_ABOUT THIS EXERCISE_
Scan the material for the word "CIRCLE" and return every matching line.

_EXERCISE DATA_
#####
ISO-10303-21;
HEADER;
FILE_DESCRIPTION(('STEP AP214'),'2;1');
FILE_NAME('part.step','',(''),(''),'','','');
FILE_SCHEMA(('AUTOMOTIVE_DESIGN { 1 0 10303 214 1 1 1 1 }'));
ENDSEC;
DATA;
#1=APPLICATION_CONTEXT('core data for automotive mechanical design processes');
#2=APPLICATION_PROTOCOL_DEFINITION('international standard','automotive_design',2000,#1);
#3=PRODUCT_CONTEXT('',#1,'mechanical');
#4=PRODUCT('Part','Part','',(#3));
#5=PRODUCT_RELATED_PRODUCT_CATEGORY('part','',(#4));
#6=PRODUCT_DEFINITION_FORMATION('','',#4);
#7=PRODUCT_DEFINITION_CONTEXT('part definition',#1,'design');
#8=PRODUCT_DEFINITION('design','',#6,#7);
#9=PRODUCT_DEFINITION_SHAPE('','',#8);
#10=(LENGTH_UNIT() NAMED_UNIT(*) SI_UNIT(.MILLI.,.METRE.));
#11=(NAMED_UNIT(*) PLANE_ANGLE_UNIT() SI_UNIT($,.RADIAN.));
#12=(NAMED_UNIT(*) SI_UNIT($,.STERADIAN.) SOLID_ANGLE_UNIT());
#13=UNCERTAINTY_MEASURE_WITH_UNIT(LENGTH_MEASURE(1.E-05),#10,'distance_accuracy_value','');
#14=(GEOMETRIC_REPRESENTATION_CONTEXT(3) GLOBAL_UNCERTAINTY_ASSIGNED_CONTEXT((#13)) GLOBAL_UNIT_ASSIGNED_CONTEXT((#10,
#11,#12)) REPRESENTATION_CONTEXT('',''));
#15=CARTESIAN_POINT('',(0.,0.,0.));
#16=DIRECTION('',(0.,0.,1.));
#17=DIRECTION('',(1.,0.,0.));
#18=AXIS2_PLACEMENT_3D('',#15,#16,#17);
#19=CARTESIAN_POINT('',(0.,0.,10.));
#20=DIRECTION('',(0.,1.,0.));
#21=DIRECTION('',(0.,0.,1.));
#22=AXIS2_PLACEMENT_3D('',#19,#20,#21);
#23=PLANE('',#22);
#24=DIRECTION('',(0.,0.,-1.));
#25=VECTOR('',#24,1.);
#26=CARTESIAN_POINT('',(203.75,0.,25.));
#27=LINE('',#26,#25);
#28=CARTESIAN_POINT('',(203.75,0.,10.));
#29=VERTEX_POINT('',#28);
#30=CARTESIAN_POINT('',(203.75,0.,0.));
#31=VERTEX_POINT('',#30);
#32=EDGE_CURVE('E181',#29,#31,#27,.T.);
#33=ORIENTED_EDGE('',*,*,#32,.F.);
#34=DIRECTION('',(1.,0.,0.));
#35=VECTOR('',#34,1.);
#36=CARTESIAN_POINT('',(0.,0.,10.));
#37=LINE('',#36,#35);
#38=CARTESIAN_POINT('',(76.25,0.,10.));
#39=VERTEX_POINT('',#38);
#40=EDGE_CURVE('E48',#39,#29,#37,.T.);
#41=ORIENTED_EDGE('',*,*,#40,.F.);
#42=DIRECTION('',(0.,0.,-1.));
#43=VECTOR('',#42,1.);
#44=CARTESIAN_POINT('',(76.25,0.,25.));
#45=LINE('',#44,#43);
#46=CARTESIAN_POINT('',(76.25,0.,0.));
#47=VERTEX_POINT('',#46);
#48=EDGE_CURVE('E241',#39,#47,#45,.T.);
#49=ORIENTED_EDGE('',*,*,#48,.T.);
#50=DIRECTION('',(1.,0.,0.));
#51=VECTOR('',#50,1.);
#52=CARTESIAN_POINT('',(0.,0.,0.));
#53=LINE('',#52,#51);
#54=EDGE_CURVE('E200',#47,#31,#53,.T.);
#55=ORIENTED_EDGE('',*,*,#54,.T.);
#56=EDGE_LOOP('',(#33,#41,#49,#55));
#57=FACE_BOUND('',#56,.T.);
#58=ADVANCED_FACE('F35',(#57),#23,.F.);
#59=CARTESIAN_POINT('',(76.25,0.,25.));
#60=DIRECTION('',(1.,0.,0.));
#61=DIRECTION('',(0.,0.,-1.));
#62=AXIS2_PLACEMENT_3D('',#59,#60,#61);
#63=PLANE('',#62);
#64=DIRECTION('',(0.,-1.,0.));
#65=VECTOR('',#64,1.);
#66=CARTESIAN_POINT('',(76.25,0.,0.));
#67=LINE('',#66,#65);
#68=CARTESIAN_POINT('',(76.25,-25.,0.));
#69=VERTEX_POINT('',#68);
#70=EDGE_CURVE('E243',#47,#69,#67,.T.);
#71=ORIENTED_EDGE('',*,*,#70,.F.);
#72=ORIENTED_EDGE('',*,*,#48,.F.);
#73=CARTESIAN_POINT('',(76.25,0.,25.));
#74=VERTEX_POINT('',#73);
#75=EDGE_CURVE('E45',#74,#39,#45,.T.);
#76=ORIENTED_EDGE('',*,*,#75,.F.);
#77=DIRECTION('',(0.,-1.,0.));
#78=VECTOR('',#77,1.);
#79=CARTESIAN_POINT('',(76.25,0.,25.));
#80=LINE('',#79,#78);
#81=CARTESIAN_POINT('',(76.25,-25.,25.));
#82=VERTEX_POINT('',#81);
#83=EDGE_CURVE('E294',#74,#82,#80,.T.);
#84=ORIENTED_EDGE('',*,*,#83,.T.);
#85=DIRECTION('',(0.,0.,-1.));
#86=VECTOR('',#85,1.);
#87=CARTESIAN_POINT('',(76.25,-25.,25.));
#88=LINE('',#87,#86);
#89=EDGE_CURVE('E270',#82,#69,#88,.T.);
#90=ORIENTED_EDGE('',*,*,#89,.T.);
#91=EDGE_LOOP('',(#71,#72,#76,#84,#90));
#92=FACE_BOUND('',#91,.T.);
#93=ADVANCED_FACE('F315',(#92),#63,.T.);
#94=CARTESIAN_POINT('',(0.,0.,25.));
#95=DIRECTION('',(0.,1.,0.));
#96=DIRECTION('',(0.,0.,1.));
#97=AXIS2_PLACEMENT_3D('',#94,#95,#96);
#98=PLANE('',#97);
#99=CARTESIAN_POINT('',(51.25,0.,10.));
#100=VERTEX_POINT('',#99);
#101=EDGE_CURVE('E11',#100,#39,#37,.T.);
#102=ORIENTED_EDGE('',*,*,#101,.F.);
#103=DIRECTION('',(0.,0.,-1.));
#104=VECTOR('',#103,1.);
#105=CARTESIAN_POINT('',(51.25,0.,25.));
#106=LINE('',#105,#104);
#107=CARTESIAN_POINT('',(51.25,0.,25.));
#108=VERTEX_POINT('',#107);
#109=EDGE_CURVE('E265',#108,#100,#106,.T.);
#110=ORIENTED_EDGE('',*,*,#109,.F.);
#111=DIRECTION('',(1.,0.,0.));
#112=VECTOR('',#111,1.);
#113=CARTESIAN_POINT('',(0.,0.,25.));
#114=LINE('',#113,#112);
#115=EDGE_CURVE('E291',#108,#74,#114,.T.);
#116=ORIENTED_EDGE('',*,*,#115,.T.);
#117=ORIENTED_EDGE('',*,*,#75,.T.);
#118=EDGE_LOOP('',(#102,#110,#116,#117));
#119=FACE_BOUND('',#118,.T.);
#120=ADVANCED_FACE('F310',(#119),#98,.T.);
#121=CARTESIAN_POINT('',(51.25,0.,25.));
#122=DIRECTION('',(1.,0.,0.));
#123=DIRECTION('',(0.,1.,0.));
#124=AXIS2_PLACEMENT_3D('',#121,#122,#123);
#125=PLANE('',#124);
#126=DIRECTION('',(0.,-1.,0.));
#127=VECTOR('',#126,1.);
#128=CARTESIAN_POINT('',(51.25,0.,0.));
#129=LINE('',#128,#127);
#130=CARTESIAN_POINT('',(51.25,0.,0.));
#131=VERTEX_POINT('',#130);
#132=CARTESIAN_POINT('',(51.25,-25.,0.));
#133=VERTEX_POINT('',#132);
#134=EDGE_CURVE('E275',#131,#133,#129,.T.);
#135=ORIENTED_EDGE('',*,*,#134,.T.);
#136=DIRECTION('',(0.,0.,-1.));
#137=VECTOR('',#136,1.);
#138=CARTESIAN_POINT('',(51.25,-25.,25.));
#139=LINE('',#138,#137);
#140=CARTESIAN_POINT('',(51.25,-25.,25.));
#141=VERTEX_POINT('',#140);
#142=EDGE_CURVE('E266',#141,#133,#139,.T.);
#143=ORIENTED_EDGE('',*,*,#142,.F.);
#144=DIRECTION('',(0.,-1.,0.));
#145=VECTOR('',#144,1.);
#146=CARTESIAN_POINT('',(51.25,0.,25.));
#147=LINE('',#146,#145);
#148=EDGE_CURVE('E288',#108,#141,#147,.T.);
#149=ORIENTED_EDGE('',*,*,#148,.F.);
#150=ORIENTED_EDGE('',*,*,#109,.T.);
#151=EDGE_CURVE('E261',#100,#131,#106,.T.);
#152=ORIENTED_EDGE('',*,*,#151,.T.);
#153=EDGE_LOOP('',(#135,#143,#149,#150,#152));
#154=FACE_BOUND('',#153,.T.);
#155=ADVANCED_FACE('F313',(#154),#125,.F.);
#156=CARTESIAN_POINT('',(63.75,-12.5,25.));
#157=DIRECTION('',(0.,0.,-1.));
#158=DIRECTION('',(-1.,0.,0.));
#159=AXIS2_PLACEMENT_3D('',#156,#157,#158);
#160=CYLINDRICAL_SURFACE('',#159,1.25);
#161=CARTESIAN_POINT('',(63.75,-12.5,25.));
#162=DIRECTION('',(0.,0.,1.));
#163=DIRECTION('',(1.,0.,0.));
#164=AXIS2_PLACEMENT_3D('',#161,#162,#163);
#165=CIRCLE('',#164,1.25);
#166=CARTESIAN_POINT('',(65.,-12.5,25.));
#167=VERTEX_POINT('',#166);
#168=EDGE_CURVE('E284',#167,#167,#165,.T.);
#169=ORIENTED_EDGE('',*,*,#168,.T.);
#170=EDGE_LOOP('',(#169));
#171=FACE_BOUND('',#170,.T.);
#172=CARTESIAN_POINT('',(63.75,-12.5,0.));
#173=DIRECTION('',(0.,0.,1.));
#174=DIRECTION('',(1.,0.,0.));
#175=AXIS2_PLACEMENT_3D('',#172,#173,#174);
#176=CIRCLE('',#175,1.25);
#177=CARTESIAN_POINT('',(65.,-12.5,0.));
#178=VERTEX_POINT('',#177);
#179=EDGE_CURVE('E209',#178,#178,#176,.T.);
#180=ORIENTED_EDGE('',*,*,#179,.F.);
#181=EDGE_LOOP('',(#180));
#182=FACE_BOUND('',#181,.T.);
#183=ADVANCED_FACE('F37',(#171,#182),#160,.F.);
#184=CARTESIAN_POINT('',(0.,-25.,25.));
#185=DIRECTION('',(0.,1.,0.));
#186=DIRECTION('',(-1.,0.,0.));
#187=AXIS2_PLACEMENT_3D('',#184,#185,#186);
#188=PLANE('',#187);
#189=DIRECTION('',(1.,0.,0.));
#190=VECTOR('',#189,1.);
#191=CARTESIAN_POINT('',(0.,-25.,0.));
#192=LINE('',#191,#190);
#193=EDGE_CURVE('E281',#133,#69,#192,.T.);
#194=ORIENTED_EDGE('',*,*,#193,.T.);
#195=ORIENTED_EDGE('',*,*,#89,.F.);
#####
_RESPONSE_
#165=CIRCLE('',#164,1.25);
#176=CIRCLE('',#175,1.25);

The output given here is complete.